Each line from the one containing "#132=VERTEX_POINT('',#131);" through the last line of the records below is to be repeated as written, with nothing added.
── RECORDS PROVIDED ──
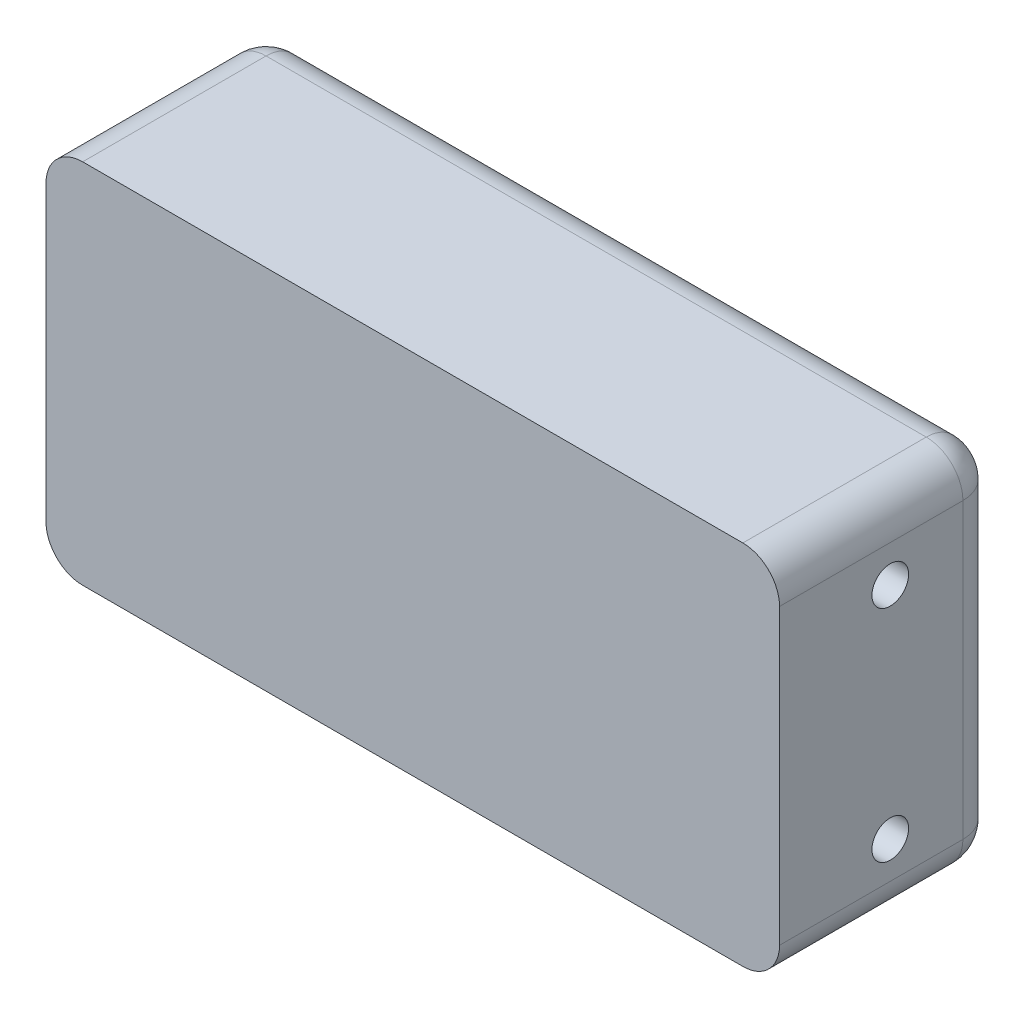
ISO-10303-21;
HEADER;
FILE_DESCRIPTION(('STEP AP214'),'2;1');
FILE_NAME('part.step','',(''),(''),'','','');
FILE_SCHEMA(('AUTOMOTIVE_DESIGN { 1 0 10303 214 1 1 1 1 }'));
ENDSEC;
DATA;
#1=APPLICATION_CONTEXT('core data for automotive mechanical design processes');
#2=APPLICATION_PROTOCOL_DEFINITION('international standard','automotive_design',2000,#1);
#3=PRODUCT_CONTEXT('',#1,'mechanical');
#4=PRODUCT('Part','Part','',(#3));
#5=PRODUCT_RELATED_PRODUCT_CATEGORY('part','',(#4));
#6=PRODUCT_DEFINITION_FORMATION('','',#4);
#7=PRODUCT_DEFINITION_CONTEXT('part definition',#1,'design');
#8=PRODUCT_DEFINITION('design','',#6,#7);
#9=PRODUCT_DEFINITION_SHAPE('','',#8);
#10=(LENGTH_UNIT() NAMED_UNIT(*) SI_UNIT(.MILLI.,.METRE.));
#11=(NAMED_UNIT(*) PLANE_ANGLE_UNIT() SI_UNIT($,.RADIAN.));
#12=(NAMED_UNIT(*) SI_UNIT($,.STERADIAN.) SOLID_ANGLE_UNIT());
#13=UNCERTAINTY_MEASURE_WITH_UNIT(LENGTH_MEASURE(1.E-05),#10,'distance_accuracy_value','');
#14=(GEOMETRIC_REPRESENTATION_CONTEXT(3) GLOBAL_UNCERTAINTY_ASSIGNED_CONTEXT((#13)) GLOBAL_UNIT_ASSIGNED_CONTEXT((#10,
#11,#12)) REPRESENTATION_CONTEXT('',''));
#15=CARTESIAN_POINT('',(0.,0.,0.));
#16=DIRECTION('',(0.,0.,1.));
#17=DIRECTION('',(1.,0.,0.));
#18=AXIS2_PLACEMENT_3D('',#15,#16,#17);
#19=CARTESIAN_POINT('',(50.,25.,30.));
#20=DIRECTION('',(-1.,0.,0.));
#21=DIRECTION('',(0.,-1.,0.));
#22=AXIS2_PLACEMENT_3D('',#19,#20,#21);
#23=PLANE('',#22);
#24=CARTESIAN_POINT('',(50.,-15.,14.9035489173353));
#25=DIRECTION('',(1.,0.,0.));
#26=DIRECTION('',(0.,1.,0.));
#27=AXIS2_PLACEMENT_3D('',#24,#25,#26);
#28=CIRCLE('',#27,2.5);
#29=CARTESIAN_POINT('',(50.,-12.5,14.9035489173353));
#30=VERTEX_POINT('',#29);
#31=EDGE_CURVE('E158',#30,#30,#28,.T.);
#32=ORIENTED_EDGE('',*,*,#31,.F.);
#33=EDGE_LOOP('',(#32));
#34=FACE_BOUND('',#33,.T.);
#35=CARTESIAN_POINT('',(50.,15.,14.9035489173353));
#36=DIRECTION('',(1.,0.,0.));
#37=DIRECTION('',(0.,1.,0.));
#38=AXIS2_PLACEMENT_3D('',#35,#36,#37);
#39=CIRCLE('',#38,2.5);
#40=CARTESIAN_POINT('',(50.,17.5,14.9035489173353));
#41=VERTEX_POINT('',#40);
#42=EDGE_CURVE('E165',#41,#41,#39,.T.);
#43=ORIENTED_EDGE('',*,*,#42,.F.);
#44=EDGE_LOOP('',(#43));
#45=FACE_BOUND('',#44,.T.);
#46=DIRECTION('',(0.,1.,0.));
#47=VECTOR('',#46,1.);
#48=CARTESIAN_POINT('',(50.,25.,5.));
#49=LINE('',#48,#47);
#50=CARTESIAN_POINT('',(50.,-20.,5.));
#51=VERTEX_POINT('',#50);
#52=CARTESIAN_POINT('',(50.,20.,5.));
#53=VERTEX_POINT('',#52);
#54=EDGE_CURVE('E183',#51,#53,#49,.T.);
#55=ORIENTED_EDGE('',*,*,#54,.T.);
#56=DIRECTION('',(0.,0.,-1.));
#57=VECTOR('',#56,1.);
#58=CARTESIAN_POINT('',(50.,20.,30.));
#59=LINE('',#58,#57);
#60=CARTESIAN_POINT('',(50.,20.,30.));
#61=VERTEX_POINT('',#60);
#62=EDGE_CURVE('E232',#53,#61,#59,.F.);
#63=ORIENTED_EDGE('',*,*,#62,.T.);
#64=DIRECTION('',(0.,1.,0.));
#65=VECTOR('',#64,1.);
#66=CARTESIAN_POINT('',(50.,25.,30.));
#67=LINE('',#66,#65);
#68=CARTESIAN_POINT('',(50.,-20.,30.));
#69=VERTEX_POINT('',#68);
#70=EDGE_CURVE('E171',#69,#61,#67,.T.);
#71=ORIENTED_EDGE('',*,*,#70,.F.);
#72=DIRECTION('',(0.,0.,-1.));
#73=VECTOR('',#72,1.);
#74=CARTESIAN_POINT('',(50.,-20.,30.));
#75=LINE('',#74,#73);
#76=EDGE_CURVE('E230',#69,#51,#75,.T.);
#77=ORIENTED_EDGE('',*,*,#76,.T.);
#78=EDGE_LOOP('',(#55,#63,#71,#77));
#79=FACE_BOUND('',#78,.T.);
#80=ADVANCED_FACE('F35',(#34,#45,#79),#23,.F.);
#81=CARTESIAN_POINT('',(-50.,25.,30.));
#82=DIRECTION('',(0.,-1.,0.));
#83=DIRECTION('',(0.,0.,-1.));
#84=AXIS2_PLACEMENT_3D('',#81,#82,#83);
#85=PLANE('',#84);
#86=DIRECTION('',(-1.,0.,0.));
#87=VECTOR('',#86,1.);
#88=CARTESIAN_POINT('',(-50.,25.,30.));
#89=LINE('',#88,#87);
#90=CARTESIAN_POINT('',(45.,25.,30.));
#91=VERTEX_POINT('',#90);
#92=CARTESIAN_POINT('',(-45.,25.,30.));
#93=VERTEX_POINT('',#92);
#94=EDGE_CURVE('E176',#91,#93,#89,.T.);
#95=ORIENTED_EDGE('',*,*,#94,.F.);
#96=DIRECTION('',(0.,0.,-1.));
#97=VECTOR('',#96,1.);
#98=CARTESIAN_POINT('',(45.,25.,30.));
#99=LINE('',#98,#97);
#100=CARTESIAN_POINT('',(45.,25.,5.));
#101=VERTEX_POINT('',#100);
#102=EDGE_CURVE('E228',#91,#101,#99,.T.);
#103=ORIENTED_EDGE('',*,*,#102,.T.);
#104=DIRECTION('',(-1.,0.,0.));
#105=VECTOR('',#104,1.);
#106=CARTESIAN_POINT('',(-50.,25.,5.));
#107=LINE('',#106,#105);
#108=CARTESIAN_POINT('',(-45.,25.,5.));
#109=VERTEX_POINT('',#108);
#110=EDGE_CURVE('E203',#101,#109,#107,.T.);
#111=ORIENTED_EDGE('',*,*,#110,.T.);
#112=DIRECTION('',(0.,0.,-1.));
#113=VECTOR('',#112,1.);
#114=CARTESIAN_POINT('',(-45.,25.,30.));
#115=LINE('',#114,#113);
#116=EDGE_CURVE('E226',#109,#93,#115,.F.);
#117=ORIENTED_EDGE('',*,*,#116,.T.);
#118=EDGE_LOOP('',(#95,#103,#111,#117));
#119=FACE_BOUND('',#118,.T.);
#120=ADVANCED_FACE('F282',(#119),#85,.F.);
#121=CARTESIAN_POINT('',(-50.,25.,30.));
#122=DIRECTION('',(1.,0.,0.));
#123=DIRECTION('',(0.,1.,0.));
#124=AXIS2_PLACEMENT_3D('',#121,#122,#123);
#125=PLANE('',#124);
#126=CARTESIAN_POINT('',(-50.,-15.,14.9035489173353));
#127=DIRECTION('',(1.,0.,0.));
#128=DIRECTION('',(0.,1.,0.));
#129=AXIS2_PLACEMENT_3D('',#126,#127,#128);
#130=CIRCLE('',#129,2.5);
#131=CARTESIAN_POINT('',(-50.,-12.5,14.9035489173353));
#132=VERTEX_POINT('',#131);
#133=EDGE_CURVE('E162',#132,#132,#130,.T.);
#134=ORIENTED_EDGE('',*,*,#133,.T.);
#135=EDGE_LOOP('',(#134));
#136=FACE_BOUND('',#135,.T.);
#137=CARTESIAN_POINT('',(-50.,15.,14.9035489173353));
#138=DIRECTION('',(1.,0.,0.));
#139=DIRECTION('',(0.,1.,0.));
#140=AXIS2_PLACEMENT_3D('',#137,#138,#139);
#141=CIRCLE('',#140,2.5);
───
■ **ANSWER TO THIS EXERCISE**
#132=VERTEX_POINT('',#131);
#133=EDGE_CURVE('E162',#132,#132,#130,.T.);
#134=ORIENTED_EDGE('',*,*,#133,.T.);
#135=EDGE_LOOP('',(#134));
#136=FACE_BOUND('',#135,.T.);
#137=CARTESIAN_POINT('',(-50.,15.,14.9035489173353));
#138=DIRECTION('',(1.,0.,0.));
#139=DIRECTION('',(0.,1.,0.));
#140=AXIS2_PLACEMENT_3D('',#137,#138,#139);
#141=CIRCLE('',#140,2.5);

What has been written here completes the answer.